Case analysis of class conflict in Java multi class loader

Time:2021-4-26

As we all know, the loading mechanism of JVM class adopts the parental delegation mechanism. However, in some frameworks, in order to provide some form of “isolation and sandbox”, a custom framework calledChildFirstIn short, it destroys the parental delegation. The self-defined child class loader loads the class first instead of delegating it to the parent class loader. Because the same class can be loaded separately in different class loaders, usingChildFirstClass loader can form a “sandbox” to run two same but different versions of classes in the program at the same time.

However, the author encountered a rare case of class loading conflict, root cause andChildFirstIt is related to the mechanism.

cause

The program runs on the Flink platform and writes the data to es. after the security mechanism of a certain platform is turned on, the whole platform including es needs to be accessed based on Kerberos authentication. Based on a priori conclusion, we need to replace the magicelasticsearch-rest-clientThe GSSAPI is used to log in to Kerberos, and based on sengpo protocol, the token class is sent through HTTP, and there is an independent thread to refresh the token. Because it is a private jar, it is very unfriendly to use in the project, so we consider using Maven shade plugin to exclude the previously dependent jars when packaging jobselasticsearch-rest-clientandelasticsearch-rest-highlevel-clientAnd put the customized jar in the Flink / lib directory.

report errors

After submitting the job, task manager reports an error and exits as follows:

java.lang.LinkageError: loader constraint violation: when resolving method "org.elasticsearch.client.RestClient.builder([Lorg/apache/http/HttpHost;)Lorg/elasticsearch/client/RestClientBuilder;" the class loader (instance of org/apache/flink/util/ChildFirstClassLoader) of the current class, org/apache/flink/streaming/connectors/elasticsearch6/Elasticsearch6ApiCallBridge, and the class loader (instance of sun/misc/Launcher$AppClassLoader) for the method's defining class, org/elasticsearch/client/RestClient, have different Class objects for the type [Lorg/apache/http/HttpHost; used in the signature

The error description means:

org/apache/http/HttpHostAt the same timeChildFirstClassLoaderandAppClassLoaderLoad in theorg.elasticsearch.client.RestClient.builderWhen it comes inorg/apache/http/HttpHostInstance, the class in the method signature (formal parameter) is foundorg/apache/http/HttpHostbelong toAppClassLoaderAnd the argument isorg/apache/http/HttpHostBut it belongs to meChildFirstClassLoaderAnd that caused the conflict.

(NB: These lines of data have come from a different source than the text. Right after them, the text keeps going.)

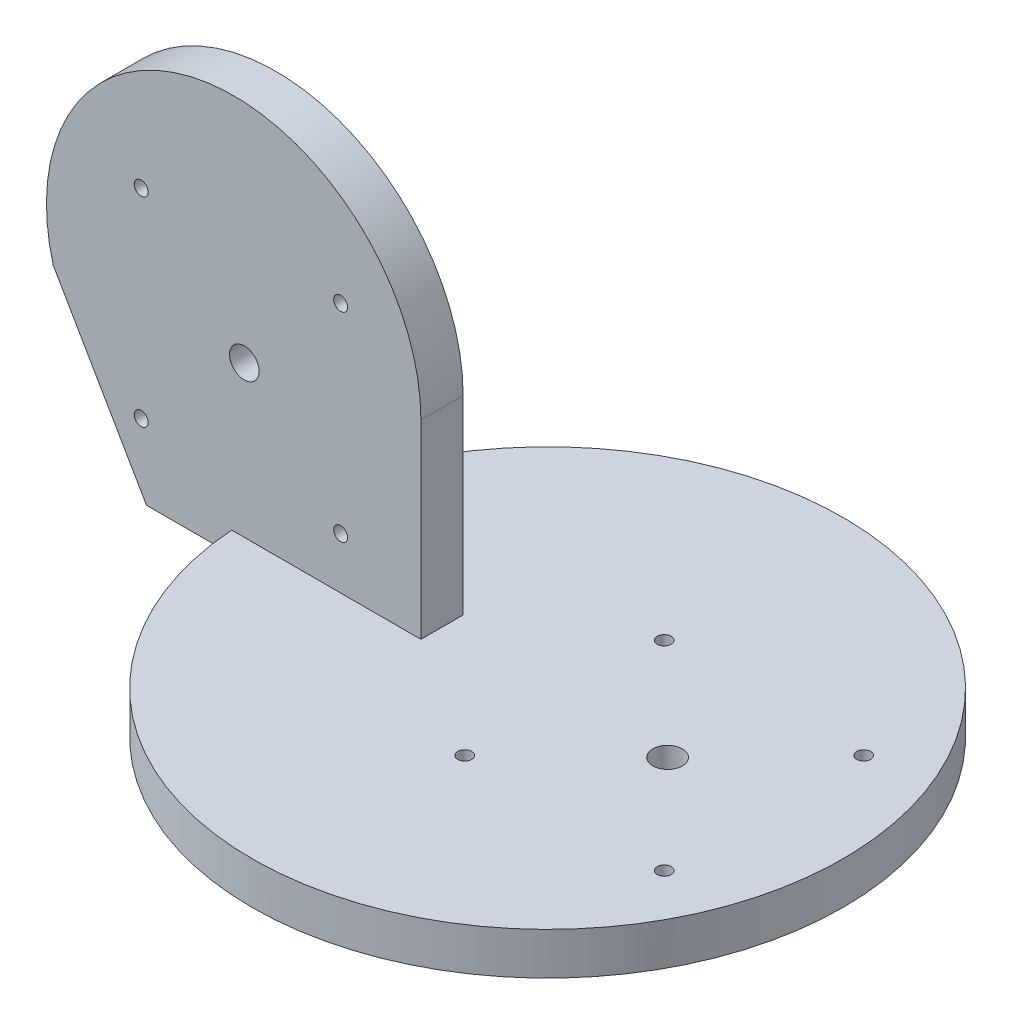
ISO-10303-21;
HEADER;
FILE_DESCRIPTION(('STEP AP214'),'2;1');
FILE_NAME('part.step','',(''),(''),'','','');
FILE_SCHEMA(('AUTOMOTIVE_DESIGN { 1 0 10303 214 1 1 1 1 }'));
ENDSEC;
DATA;
#1=APPLICATION_CONTEXT('core data for automotive mechanical design processes');
#2=APPLICATION_PROTOCOL_DEFINITION('international standard','automotive_design',2000,#1);
#3=PRODUCT_CONTEXT('',#1,'mechanical');
#4=PRODUCT('Part','Part','',(#3));
#5=PRODUCT_RELATED_PRODUCT_CATEGORY('part','',(#4));
#6=PRODUCT_DEFINITION_FORMATION('','',#4);
#7=PRODUCT_DEFINITION_CONTEXT('part definition',#1,'design');
#8=PRODUCT_DEFINITION('design','',#6,#7);
#9=PRODUCT_DEFINITION_SHAPE('','',#8);
#10=(LENGTH_UNIT() NAMED_UNIT(*) SI_UNIT(.MILLI.,.METRE.));
#11=(NAMED_UNIT(*) PLANE_ANGLE_UNIT() SI_UNIT($,.RADIAN.));
#12=(NAMED_UNIT(*) SI_UNIT($,.STERADIAN.) SOLID_ANGLE_UNIT());
#13=UNCERTAINTY_MEASURE_WITH_UNIT(LENGTH_MEASURE(1.E-05),#10,'distance_accuracy_value','');
#14=(GEOMETRIC_REPRESENTATION_CONTEXT(3) GLOBAL_UNCERTAINTY_ASSIGNED_CONTEXT((#13)) GLOBAL_UNIT_ASSIGNED_CONTEXT((#10,
#11,#12)) REPRESENTATION_CONTEXT('',''));
#15=CARTESIAN_POINT('',(0.,0.,0.));
#16=DIRECTION('',(0.,0.,1.));
#17=DIRECTION('',(1.,0.,0.));
#18=AXIS2_PLACEMENT_3D('',#15,#16,#17);
#19=CARTESIAN_POINT('',(0.,10.,0.));
#20=DIRECTION('',(0.,-1.,0.));
#21=DIRECTION('',(0.,0.,-1.));
#22=AXIS2_PLACEMENT_3D('',#19,#20,#21);
#23=CYLINDRICAL_SURFACE('',#22,70.);
#24=CARTESIAN_POINT('',(0.,0.,0.));
#25=DIRECTION('',(0.,1.,0.));
#26=DIRECTION('',(0.,0.,1.));
#27=AXIS2_PLACEMENT_3D('',#24,#25,#26);
#28=CIRCLE('',#27,70.);
#29=CARTESIAN_POINT('',(0.,0.,70.));
#30=VERTEX_POINT('',#29);
#31=EDGE_CURVE('E169',#30,#30,#28,.T.);
#32=ORIENTED_EDGE('',*,*,#31,.T.);
#33=EDGE_LOOP('',(#32));
#34=FACE_BOUND('',#33,.T.);
#35=DIRECTION('',(0.,-1.,0.));
#36=VECTOR('',#35,1.);
#37=CARTESIAN_POINT('',(-69.8212002188447,10.,5.));
#38=LINE('',#37,#36);
#39=CARTESIAN_POINT('',(-69.8212002188447,4.99999999999999,5.));
#40=VERTEX_POINT('',#39);
#41=CARTESIAN_POINT('',(-69.8212002188447,10.,5.));
#42=VERTEX_POINT('',#41);
#43=EDGE_CURVE('E53',#40,#42,#38,.F.);
#44=ORIENTED_EDGE('',*,*,#43,.F.);
#45=CARTESIAN_POINT('',(0.,5.,0.));
#46=DIRECTION('',(0.,1.,0.));
#47=DIRECTION('',(-1.,0.,0.));
#48=AXIS2_PLACEMENT_3D('',#45,#46,#47);
#49=CIRCLE('',#48,70.);
#50=CARTESIAN_POINT('',(-69.8212002188447,4.99999999999999,-5.));
#51=VERTEX_POINT('',#50);
#52=EDGE_CURVE('E11',#51,#40,#49,.T.);
#53=ORIENTED_EDGE('',*,*,#52,.F.);
#54=DIRECTION('',(0.,-1.,0.));
#55=VECTOR('',#54,1.);
#56=CARTESIAN_POINT('',(-69.8212002188447,10.,-5.));
#57=LINE('',#56,#55);
#58=CARTESIAN_POINT('',(-69.8212002188447,10.,-5.));
#59=VERTEX_POINT('',#58);
#60=EDGE_CURVE('E163',#51,#59,#57,.F.);
#61=ORIENTED_EDGE('',*,*,#60,.T.);
#62=CARTESIAN_POINT('',(0.,10.,0.));
#63=DIRECTION('',(0.,1.,0.));
#64=DIRECTION('',(0.,0.,1.));
#65=AXIS2_PLACEMENT_3D('',#62,#63,#64);
#66=CIRCLE('',#65,70.);
#67=EDGE_CURVE('E174',#42,#59,#66,.T.);
#68=ORIENTED_EDGE('',*,*,#67,.F.);
#69=EDGE_LOOP('',(#44,#53,#61,#68));
#70=FACE_BOUND('',#69,.T.);
#71=ADVANCED_FACE('F38',(#34,#70),#23,.T.);
#72=CARTESIAN_POINT('',(0.,10.,0.));
#73=DIRECTION('',(0.,1.,0.));
#74=DIRECTION('',(0.,0.,1.));
#75=AXIS2_PLACEMENT_3D('',#72,#73,#74);
#76=PLANE('',#75);
#77=CARTESIAN_POINT('',(28.4267988565162,10.,0.));
#78=DIRECTION('',(0.,1.,0.));
#79=DIRECTION('',(0.,0.,1.));
#80=AXIS2_PLACEMENT_3D('',#77,#78,#79);
#81=CIRCLE('',#80,3.49999999999999);
#82=CARTESIAN_POINT('',(28.4267988565162,10.,3.49999999999999));
#83=VERTEX_POINT('',#82);
#84=EDGE_CURVE('E252',#83,#83,#81,.T.);
#85=ORIENTED_EDGE('',*,*,#84,.F.);
#86=EDGE_LOOP('',(#85));
#87=FACE_BOUND('',#86,.T.);
#88=CARTESIAN_POINT('',(3.99999999999997,10.,-23.622));
#89=DIRECTION('',(0.,1.,0.));
#90=DIRECTION('',(0.,0.,1.));
#91=AXIS2_PLACEMENT_3D('',#88,#89,#90);
#92=CIRCLE('',#91,1.64999999999999);
#93=CARTESIAN_POINT('',(3.99999999999997,10.,-21.972));
#94=VERTEX_POINT('',#93);
#95=EDGE_CURVE('E110',#94,#94,#92,.T.);
#96=ORIENTED_EDGE('',*,*,#95,.F.);
#97=EDGE_LOOP('',(#96));
#98=FACE_BOUND('',#97,.T.);
#99=CARTESIAN_POINT('',(51.244,10.,-23.622));
#100=DIRECTION('',(0.,1.,0.));
#101=DIRECTION('',(0.,0.,1.));
#102=AXIS2_PLACEMENT_3D('',#99,#100,#101);
#103=CIRCLE('',#102,1.64999999999999);
#104=CARTESIAN_POINT('',(51.244,10.,-21.972));
#105=VERTEX_POINT('',#104);
#106=EDGE_CURVE('E109',#105,#105,#103,.T.);
#107=ORIENTED_EDGE('',*,*,#106,.F.);
#108=EDGE_LOOP('',(#107));
#109=FACE_BOUND('',#108,.T.);
#110=CARTESIAN_POINT('',(51.244,10.,23.622));
#111=DIRECTION('',(0.,1.,0.));
#112=DIRECTION('',(0.,0.,1.));
#113=AXIS2_PLACEMENT_3D('',#110,#111,#112);
#114=CIRCLE('',#113,1.64999999999999);
#115=CARTESIAN_POINT('',(51.244,10.,25.272));
#116=VERTEX_POINT('',#115);
#117=EDGE_CURVE('E122',#116,#116,#114,.T.);
#118=ORIENTED_EDGE('',*,*,#117,.F.);
#119=EDGE_LOOP('',(#118));
#120=FACE_BOUND('',#119,.T.);
#121=CARTESIAN_POINT('',(4.,10.,23.622));
#122=DIRECTION('',(0.,1.,0.));
#123=DIRECTION('',(0.,0.,1.));
#124=AXIS2_PLACEMENT_3D('',#121,#122,#123);
#125=CIRCLE('',#124,1.64999999999999);
#126=CARTESIAN_POINT('',(4.,10.,25.272));
#127=VERTEX_POINT('',#126);
#128=EDGE_CURVE('E128',#127,#127,#125,.T.);
#129=ORIENTED_EDGE('',*,*,#128,.F.);
#130=EDGE_LOOP('',(#129));
#131=FACE_BOUND('',#130,.T.);
#132=DIRECTION('',(0.,0.,1.));
#133=VECTOR('',#132,1.);
#134=CARTESIAN_POINT('',(-25.,10.,0.));
#135=LINE('',#134,#133);
#136=CARTESIAN_POINT('',(-25.,10.,-5.));
#137=VERTEX_POINT('',#136);
#138=CARTESIAN_POINT('',(-25.,10.,5.));
#139=VERTEX_POINT('',#138);
#140=EDGE_CURVE('E180',#137,#139,#135,.T.);
#141=ORIENTED_EDGE('',*,*,#140,.T.);
#142=DIRECTION('',(-1.,0.,0.));
#143=VECTOR('',#142,1.);
#144=CARTESIAN_POINT('',(0.,10.,5.));
#145=LINE('',#144,#143);
#146=EDGE_CURVE('E46',#139,#42,#145,.T.);
#147=ORIENTED_EDGE('',*,*,#146,.T.);
#148=ORIENTED_EDGE('',*,*,#67,.T.);
#149=DIRECTION('',(-1.,0.,0.));
#150=VECTOR('',#149,1.);
#151=CARTESIAN_POINT('',(0.,10.,-5.));
#152=LINE('',#151,#150);
#153=EDGE_CURVE('E173',#137,#59,#152,.T.);
#154=ORIENTED_EDGE('',*,*,#153,.F.);
#155=EDGE_LOOP('',(#141,#147,#148,#154));
#156=FACE_BOUND('',#155,.T.);
#157=ADVANCED_FACE('F184',(#87,#98,#109,#120,#131,#156),#76,.T.);
#158=CARTESIAN_POINT('',(0.,0.,0.));
#159=DIRECTION('',(0.,1.,0.));
#160=DIRECTION('',(0.,0.,1.));
#161=AXIS2_PLACEMENT_3D('',#158,#159,#160);
#162=PLANE('',#161);
#163=CARTESIAN_POINT('',(0.,0.,0.));
#164=DIRECTION('',(0.,-1.,0.));
#165=DIRECTION('',(0.,0.,-1.));
#166=AXIS2_PLACEMENT_3D('',#163,#164,#165);
#167=CIRCLE('',#166,65.);
#168=CARTESIAN_POINT('',(0.,0.,-65.));
#169=VERTEX_POINT('',#168);
#170=EDGE_CURVE('E170',#169,#169,#167,.T.);
#171=ORIENTED_EDGE('',*,*,#170,.F.);
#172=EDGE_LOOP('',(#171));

The following two articles can be referred to:

https://www.cnblogs.com/deepnighttwo/archive/2011/08/31/2160990.html

https://bigzuo.github.io/2017/03/19/java-LinkageError-loader-constraint-violation-error/

Cause analysis

Based on the following facts:

  1. The httphost class is typed in the job package.
  2. When the TM process of Flink starts, httpcore.x.x.jar under Hadoop will be added to classpath
  3. Appclassloader is responsible for loading the classes in the classpath parameter
  4. Childfirstclassloader is responsible for loading the classes in the job package

Incident code

Case analysis of class conflict in Java multi class loader

analysis:

The argument httphosts is a list < httphost > serialized to TM and a private property of elasticsearch6apicallbridge (in the job package). This means that the classes of the argument httphosts are preferentially loaded by childfirstclassloader, and based on fact 1, childfirstclassloader can be loaded into httphost

The restclient class is located in elasticsearch rest client, that is, in the Flink / lib directory. Since elasticsearch rest client will not be typed in when we package, childfirstclassloader cannot be loaded into this class. It can only be loaded by appclassloader. Moreover, due to fact 2, appclassloader can also be loaded into httphost

In this way, the above error will appear

Solution

At first, we changed Flink toparent-firstIt can be solved. After analysis: This is becauseParentFirstClassLoaderInstead of loading the httphost from the job package, the appclassloader loads the httphost, so there is no conflict.

From the above root cause analysis, another solution is to package elasticsearch rest client and other related jars into the job to ensure that they are all loaded by childfirstclassloader. However, the introduction of private jar in this way leads to the confusion of version management.

Flink support classloader.parent -first- patterns.additional Under the premise of child first, the parent first configuration for some classes is effective. However, due to the complex relationship of class loading, it can not be exhaustive.